Matt-moo, the miracle man is 8 months old now.  It is crazy how fast it has gone, and crazy how much more excitement there is to come!  BJ and I are still enamored with everything his little self does.  He seems to be turning into quite a playful little thing.  He seems to think he's 8 months going on 18.  He's pretty sure he should be doing whatever we are doing.  Whether that's drinking wine, eating the remote control, operating an iPad, or studying with a laptop for an online pharmacology  or community banking exam, he will attempt to duplicate your actions. I'm sad his parents are so boring, lol.


Grampa teaching Matt the lyrics to Rocky Top. 
He's had another healthy month.  No shots or exams or anything too exciting.  Well, he did have a 2nd flu shot, and he handled it like a champ.  He was more mad that he was being held down than anything.

His Grammy did say, that he's the worst diaper-change of all the babies she has ever cared for (which has been a few more than just Brother Matt and myself).  It truly is a wrestling match.  You put him on his back and he gets a message to turn over and crawl away, NOW.  He doesn't care if his full of poo diaper is halfway hanging off, he must exit the situation immediately.  We try laying toys, diapers, wipes, oversized coffee table books that weigh more than him (I'm kidding!) on his chest to distract him, and this has approximately a 17% success rate.  Mostly, I change his diapers with him standing as if he's about to get frisked and moderate success.


He is cruising pretty successfully now.  I hope he doesn't walk too soon, although, I don't really know what difference it will make as he's already into EVERYTHING.  He has turbo crawl speed which I can hear him go into anywhere in our house. His little palms go slap-slap-slap against the hardwood.  The cats are not very excited about his new-found speed.  But it's also amazing because he'll be at your feet. You'll look at the TV b/c Brangelina divorce news and all the sudden he's in the kitchen with both hands in Emma's water bowl, which happens to be one of his favorite past times.  Oh, and he's not picky...he'll happily stick his hands in your drinks, too.  So basically he's a beverage ruining Ninja.  As I'm typing this, he's figured out how to stand up and scoot his Sit to Stand walker thing...I don't think he's going to be like his Mama and not walk until he's 15 months old.  You're welcome, Grampa. (My dad is still embarrassed for me because of how old I was when I started walking.)
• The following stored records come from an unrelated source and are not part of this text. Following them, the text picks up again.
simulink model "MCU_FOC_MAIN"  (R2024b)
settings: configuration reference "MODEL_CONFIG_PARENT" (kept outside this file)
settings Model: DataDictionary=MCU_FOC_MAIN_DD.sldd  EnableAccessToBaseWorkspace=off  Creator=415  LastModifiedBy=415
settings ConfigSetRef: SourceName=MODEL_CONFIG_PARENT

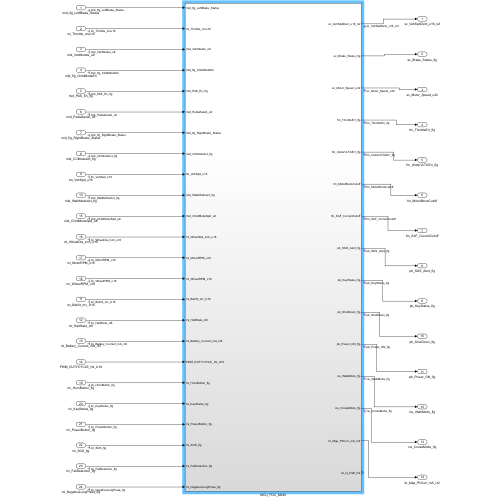
[thumbnail: Simulink's stored preview of the top-level diagram]
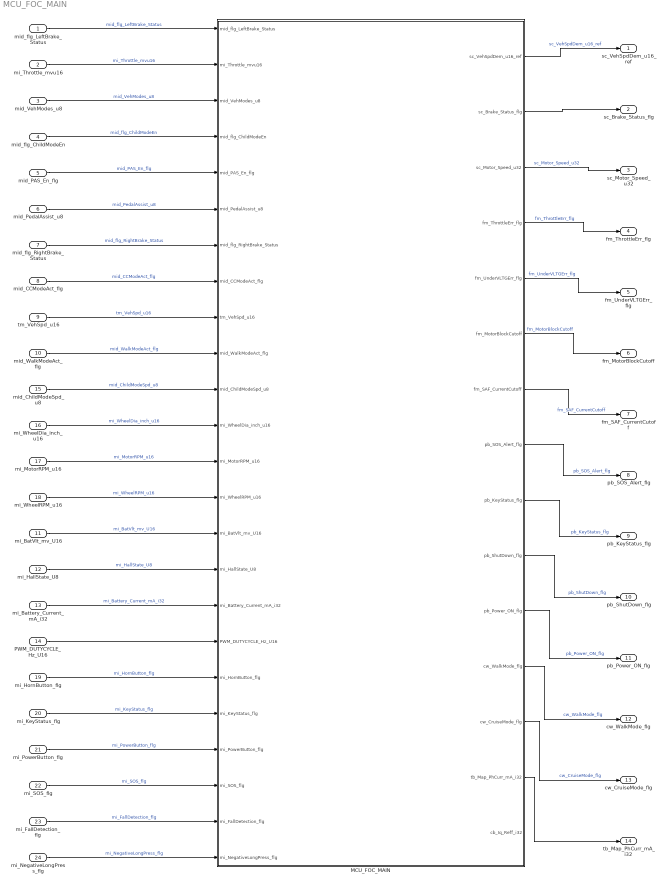
== system MCU_FOC_MAIN ==
  mid_flg_LeftBrake_Status : Inport
  mi_Throttle_mvu16 : Inport  Port=2
  mid_VehModes_u8 : Inport  Port=3
  mid_flg_ChildModeEn : Inport  Port=4
  mid_PAS_En_flg : Inport  Port=5
  mid_PedalAssist_u8 : Inport  Port=6
  mid_flg_RightBrake_Status : Inport  Port=7
  mid_CCModeAct_flg : Inport  Port=8
  tm_VehSpd_u16 : Inport  Port=9
  mid_WalkModeAct_flg : Inport  Port=10
  mi_BatVlt_mv_U16 : Inport  Port=11
  mi_HallState_U8 : Inport  Port=12
  mi_Battery_Current_mA_i32 : Inport  Port=13
  PWM_DUTYCYCLE_Hz_U16 : Inport  Port=14
  mid_ChildModeSpd_u8 : Inport  Port=15
  mi_WheelDia_inch_u16 : Inport  Port=16
  mi_MotorRPM_u16 : Inport  Port=17
  mi_WheelRPM_u16 : Inport  Port=18
  mi_HornButton_flg : Inport  Port=19
  mi_KeyStatus_flg : Inport  Port=20
  mi_PowerButton_flg : Inport  Port=21
  mi_SOS_flg : Inport  Port=22
  mi_FallDetection_flg : Inport  Port=23
  mi_NegativeLongPress_flg : Inport  Port=24
  MCU_FOC_MAIN : Subsystem
  sc_VehSpdDem_u16_ref : Outport
  sc_Brake_Status_flg : Outport  Port=2
  sc_Motor_Speed_u32 : Outport  Port=3
  fm_ThrottleErr_flg : Outport  Port=4
  fm_UnderVLTGErr_flg : Outport  Port=5
  fm_MotorBlockCutoff : Outport  Port=6
  fm_SAF_CurrentCutoff : Outport  Port=7
  pb_SOS_Alert_flg : Outport  Port=8
  pb_KeyStatus_flg : Outport  Port=9
  pb_ShutDown_flg : Outport  Port=10
  pb_Power_ON_flg : Outport  Port=11
  cw_WalkMode_flg : Outport  Port=12
  cw_CruiseMode_flg : Outport  Port=13
  tb_Map_PhCurr_mA_i32 : Outport  Port=14
  wires:
  mid_PedalAssist_u8/1 -> MCU_FOC_MAIN/6(mid_PedalAssist_u8)  "mid_PedalAssist_u8"
  mid_flg_RightBrake_Status/1 -> MCU_FOC_MAIN/7(mid_flg_RightBrake_Status)  "mid_flg_RightBrake_Status"
  mid_flg_LeftBrake_Status/1 -> MCU_FOC_MAIN/1(mid_flg_LeftBrake_Status)  "mid_flg_LeftBrake_Status"
  MCU_FOC_MAIN/13(cw_CruiseMode_flg) -> cw_CruiseMode_flg/1  "cw_CruiseMode_flg"
  mi_Throttle_mvu16/1 -> MCU_FOC_MAIN/2(mi_Throttle_mvu16)  "mi_Throttle_mvu16"
  mid_flg_ChildModeEn/1 -> MCU_FOC_MAIN/4(mid_flg_ChildModeEn)  "mid_flg_ChildModeEn"
  mi_NegativeLongPress_flg/1 -> MCU_FOC_MAIN/24(mi_NegativeLongPress_flg)  "mi_NegativeLongPress_flg"
  mid_VehModes_u8/1 -> MCU_FOC_MAIN/3(mid_VehModes_u8)  "mid_VehModes_u8"
  mi_BatVlt_mv_U16/1 -> MCU_FOC_MAIN/15(mi_BatVlt_mv_U16)  "mi_BatVlt_mv_U16"
  mid_PAS_En_flg/1 -> MCU_FOC_MAIN/5(mid_PAS_En_flg)  "mid_PAS_En_flg"
  mid_CCModeAct_flg/1 -> MCU_FOC_MAIN/8(mid_CCModeAct_flg)  "mid_CCModeAct_flg"
  MCU_FOC_MAIN/7(fm_SAF_CurrentCutoff) -> fm_SAF_CurrentCutoff/1  "fm_SAF_CurrentCutoff"
  tm_VehSpd_u16/1 -> MCU_FOC_MAIN/9(tm_VehSpd_u16)  "tm_VehSpd_u16"
  mid_WalkModeAct_flg/1 -> MCU_FOC_MAIN/10(mid_WalkModeAct_flg)  "mid_WalkModeAct_flg"
  mid_ChildModeSpd_u8/1 -> MCU_FOC_MAIN/11(mid_ChildModeSpd_u8)  "mid_ChildModeSpd_u8"
  mi_HallState_U8/1 -> MCU_FOC_MAIN/16(mi_HallState_U8)  "mi_HallState_U8"
  mi_WheelDia_inch_u16/1 -> MCU_FOC_MAIN/12(mi_WheelDia_inch_u16)  "mi_WheelDia_inch_u16"
  mi_Battery_Current_mA_i32/1 -> MCU_FOC_MAIN/17(mi_Battery_Current_mA_i32)  "mi_Battery_Current_mA_i32"
  mi_MotorRPM_u16/1 -> MCU_FOC_MAIN/13(mi_MotorRPM_u16)  "mi_MotorRPM_u16"
  MCU_FOC_MAIN/3(sc_Motor_Speed_u32) -> sc_Motor_Speed_u32/1  "sc_Motor_Speed_u32"
  PWM_DUTYCYCLE_Hz_U16/1 -> MCU_FOC_MAIN/18(PWM_DUTYCYCLE_Hz_U16)
  mi_WheelRPM_u16/1 -> MCU_FOC_MAIN/14(mi_WheelRPM_u16)  "mi_WheelRPM_u16"
  MCU_FOC_MAIN/12(cw_WalkMode_flg) -> cw_WalkMode_flg/1  "cw_WalkMode_flg"
  mi_HornButton_flg/1 -> MCU_FOC_MAIN/19(mi_HornButton_flg)  "mi_HornButton_flg"
  mi_KeyStatus_flg/1 -> MCU_FOC_MAIN/20(mi_KeyStatus_flg)  "mi_KeyStatus_flg"
  mi_PowerButton_flg/1 -> MCU_FOC_MAIN/21(mi_PowerButton_flg)  "mi_PowerButton_flg"
  mi_SOS_flg/1 -> MCU_FOC_MAIN/22(mi_SOS_flg)  "mi_SOS_flg"
  mi_FallDetection_flg/1 -> MCU_FOC_MAIN/23(mi_FallDetection_flg)  "mi_FallDetection_flg"
  MCU_FOC_MAIN/1(sc_VehSpdDem_u16_ref) -> sc_VehSpdDem_u16_ref/1  "sc_VehSpdDem_u16_ref"
  MCU_FOC_MAIN/2(sc_Brake_Status_flg) -> sc_Brake_Status_flg/1
  MCU_FOC_MAIN/4(fm_ThrottleErr_flg) -> fm_ThrottleErr_flg/1  "fm_ThrottleErr_flg"
  MCU_FOC_MAIN/8(pb_SOS_Alert_flg) -> pb_SOS_Alert_flg/1  "pb_SOS_Alert_flg"
  MCU_FOC_MAIN/5(fm_UnderVLTGErr_flg) -> fm_UnderVLTGErr_flg/1  "fm_UnderVLTGErr_flg"
  MCU_FOC_MAIN/6(fm_MotorBlockCutoff) -> fm_MotorBlockCutoff/1  "fm_MotorBlockCutoff"
  MCU_FOC_MAIN/9(pb_KeyStatus_flg) -> pb_KeyStatus_flg/1  "pb_KeyStatus_flg"
  MCU_FOC_MAIN/10(pb_ShutDown_flg) -> pb_ShutDown_flg/1  "pb_ShutDown_flg"
  MCU_FOC_MAIN/11(pb_Power_ON_flg) -> pb_Power_ON_flg/1  "pb_Power_ON_flg"
  MCU_FOC_MAIN/14(tb_Map_PhCurr_mA_i32) -> tb_Map_PhCurr_mA_i32/1

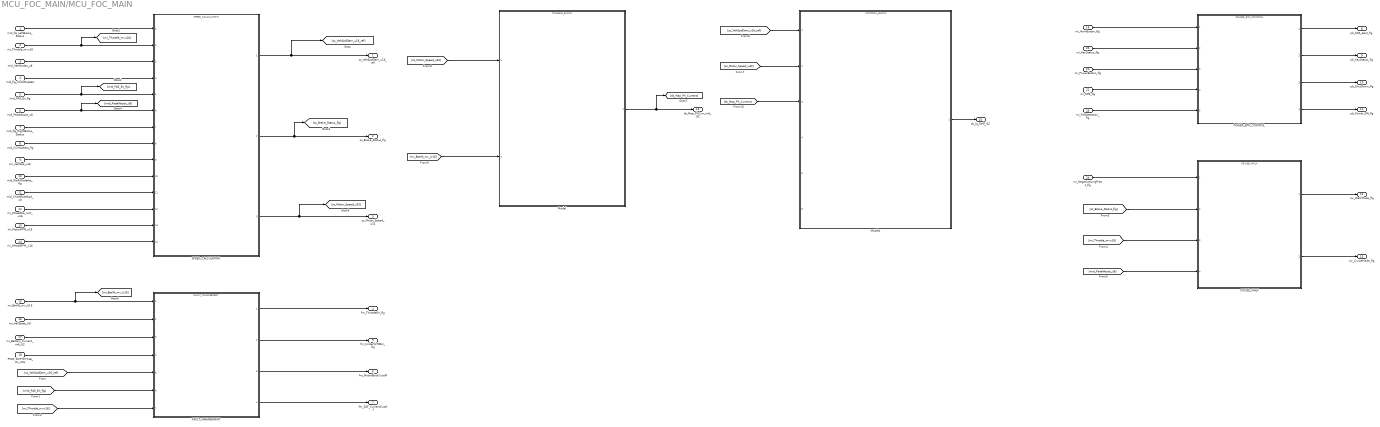
== system MCU_FOC_MAIN/MCU_FOC_MAIN ==
  mid_flg_LeftBrake_Status : Inport
  mi_Throttle_mvu16 : Inport  Port=2
  mid_VehModes_u8 : Inport  Port=3
  mid_flg_ChildModeEn : Inport  Port=4
  mid_PAS_En_flg : Inport  Port=5
  mid_PedalAssist_u8 : Inport  Port=6
  mid_flg_RightBrake_Status : Inport  Port=7
  mid_CCModeAct_flg : Inport  Port=8
  tm_VehSpd_u16 : Inport  Port=9
  mid_WalkModeAct_flg : Inport  Port=10
  mid_ChildModeSpd_u8 : Inport  Port=11
  mi_WheelDia_inch_u16 : Inport  Port=12
  mi_MotorRPM_u16 : Inport  Port=13
  mi_WheelRPM_u16 : Inport  Port=14
  mi_BatVlt_mv_U16 : Inport  Port=15
  mi_HallState_U8 : Inport  Port=16
  mi_Battery_Current_mA_i32 : Inport  Port=17
  PWM_DUTYCYCLE_Hz_U16 : Inport  Port=18
  mi_HornButton_flg : Inport  Port=19
  mi_KeyStatus_flg : Inport  Port=20
  mi_PowerButton_flg : Inport  Port=21
  mi_SOS_flg : Inport  Port=22
  mi_FallDetection_flg : Inport  Port=23
  mi_NegativeLongPress_flg : Inport  Port=24
  CRUISE_WALK : ModelReference  ModelNameDialog=CRUISE_WALK.slx  SimulationMode=Normal  ModelReferenceVersion=1.75
  FAULT_MANAGEMENT : ModelReference  ModelNameDialog=FAULT_MANAGEMENT.slx  SimulationMode=Normal  ModelReferenceVersion=1.75
  Model : ModelReference  ModelNameDialog=TUNABLE_BLOCK.slx  SimulationMode=Normal  ModelReferenceVersion=1.3
  Model4 : ModelReference  ModelNameDialog=CONTROL_BLOCK.slx  SimulationMode=Normal  ModelReferenceVersion=1.7
  POWER_BTN_CONTROL : ModelReference  ModelNameDialog=POWER_BTN_CONTROL.slx  SimulationMode=Normal  ModelReferenceVersion=1.74
  SPEED_CALCULATION : ModelReference  ModelNameDialog=SPEED_CALCULATOIN.slx  SimulationMode=Normal  ModelReferenceVersion=1.6
  sc_VehSpdDem_u16_ref : Outport
  sc_Brake_Status_flg : Outport  Port=2
  sc_Motor_Speed_u32 : Outport  Port=3
  fm_ThrottleErr_flg : Outport  Port=4
  fm_UnderVLTGErr_flg : Outport  Port=5
  fm_MotorBlockCutoff : Outport  Port=6
  fm_SAF_CurrentCutoff : Outport  Port=7
  pb_SOS_Alert_flg : Outport  Port=8
  pb_KeyStatus_flg : Outport  Port=9
  pb_ShutDown_flg : Outport  Port=10
  pb_Power_ON_flg : Outport  Port=11
  cw_WalkMode_flg : Outport  Port=12
  cw_CruiseMode_flg : Outport  Port=13
  tb_Map_PhCurr_mA_i32 : Outport  Port=14
  cb_Iq_Reff_i32 : Outport  Port=15
  wires:
  SPEED_CALCULATION/2 -> [sc_Brake_Status_flg], sc_Brake_Status_flg/1
  SPEED_CALCULATION/1 -> sc_VehSpdDem_u16_ref/1, [sc_VehSpdDem_u16_ref]
  FAULT_MANAGEMENT/3 -> fm_MotorBlockCutoff/1
  mid_PedalAssist_u8/1 -> [mid_PedalAssist_u8], SPEED_CALCULATION/6
  mid_PAS_En_flg/1 -> [mid_PAS_En_flg], SPEED_CALCULATION/5
  mid_CCModeAct_flg/1 -> SPEED_CALCULATION/8
  mi_Battery_Current_mA_i32/1 -> FAULT_MANAGEMENT/3
  [sc_VehSpdDem_u16_ref] -> FAULT_MANAGEMENT/5
  [mid_PAS_En_flg] -> FAULT_MANAGEMENT/6
  [mi_Throttle_mvu16] -> FAULT_MANAGEMENT/7
  SPEED_CALCULATION/3 -> sc_Motor_Speed_u32/1, [sc_Motor_Speed_u32]
  mid_WalkModeAct_flg/1 -> SPEED_CALCULATION/10
  mi_WheelRPM_u16/1 -> SPEED_CALCULATION/14
  FAULT_MANAGEMENT/2 -> fm_UnderVLTGErr_flg/1
  mid_flg_LeftBrake_Status/1 -> SPEED_CALCULATION/1
  mid_ChildModeSpd_u8/1 -> SPEED_CALCULATION/11
  mi_MotorRPM_u16/1 -> SPEED_CALCULATION/13
  mi_Throttle_mvu16/1 -> SPEED_CALCULATION/2, [mi_Throttle_mvu16]
  mid_VehModes_u8/1 -> SPEED_CALCULATION/3
  FAULT_MANAGEMENT/1 -> fm_ThrottleErr_flg/1
  tm_VehSpd_u16/1 -> SPEED_CALCULATION/9
  mid_flg_ChildModeEn/1 -> SPEED_CALCULATION/4
  mid_flg_RightBrake_Status/1 -> SPEED_CALCULATION/7
  mi_HallState_U8/1 -> FAULT_MANAGEMENT/2
  FAULT_MANAGEMENT/4 -> fm_SAF_CurrentCutoff/1
  mi_WheelDia_inch_u16/1 -> SPEED_CALCULATION/12
  PWM_DUTYCYCLE_Hz_U16/1 -> FAULT_MANAGEMENT/4
  mi_BatVlt_mv_U16/1 -> FAULT_MANAGEMENT/1, [mi_BatVlt_mv_U16]
  mi_SOS_flg/1 -> POWER_BTN_CONTROL/4
  mi_PowerButton_flg/1 -> POWER_BTN_CONTROL/3
  mi_FallDetection_flg/1 -> POWER_BTN_CONTROL/5
  mi_HornButton_flg/1 -> POWER_BTN_CONTROL/1
  mi_KeyStatus_flg/1 -> POWER_BTN_CONTROL/2
  POWER_BTN_CONTROL/3 -> pb_ShutDown_flg/1
  POWER_BTN_CONTROL/1 -> pb_SOS_Alert_flg/1
  POWER_BTN_CONTROL/2 -> pb_KeyStatus_flg/1
  POWER_BTN_CONTROL/4 -> pb_Power_ON_flg/1
  mi_NegativeLongPress_flg/1 -> CRUISE_WALK/1
  [mi_Throttle_mvu16] -> CRUISE_WALK/3
  [mid_PedalAssist_u8] -> CRUISE_WALK/4
  [sc_Brake_Status_flg] -> CRUISE_WALK/2
  CRUISE_WALK/1 -> cw_WalkMode_flg/1
  CRUISE_WALK/2 -> cw_CruiseMode_flg/1
  [sc_VehSpdDem_u16_ref] -> Model4/1
  [sc_Motor_Speed_u32] -> Model4/2
  Model/1 -> [tb_Map_Ph_Current], tb_Map_PhCurr_mA_i32/1
  [sc_Motor_Speed_u32] -> Model/1
  [mi_BatVlt_mv_U16] -> Model/2
  [tb_Map_Ph_Current] -> Model4/3
  Model4/1 -> cb_Iq_Reff_i32/1

Matt's other favorite activities include toe-sucking, chit-chatting, and yoga...Well downward dog position while making strawberry noises...

Matt Facts
Height:  2'3" give or take. He won't be measured again until his 9 month appointment
Weight:  Just under 17 lbs according to our scale. So about 14th percentile.
Toofers:  0 and holding
Fave Food:  Boob juice, Bananas, Arrowroot cookies, and She-Crab soup (I know...BAD MOM)
Fave Toy: The one in his hands.  He's pretty sweet about it, actually. Ok so sometimes it's the one in your hands...even though he has another one...
Fave Comfort Item:  Mama and Dada - Wubbanubs are kinda out at the moment.
Sounds: Mama, Dada, Bah-bah, la-la, nuh-nuh-nuh-nuh-nuh-nuh, ha, blub-blub, Ah, Deeb-ah-deeb. 
They don't have meaning to us, yet, but the nuh-nuh-nuh is his fussing word. So he associates meaning to some I think. 
Mad Baby Skills: Cruising, Speed Crawling, Climbing stairs, Pincher grasp, splashing, 
Future Career:  Yogi - Maybe a comedic one.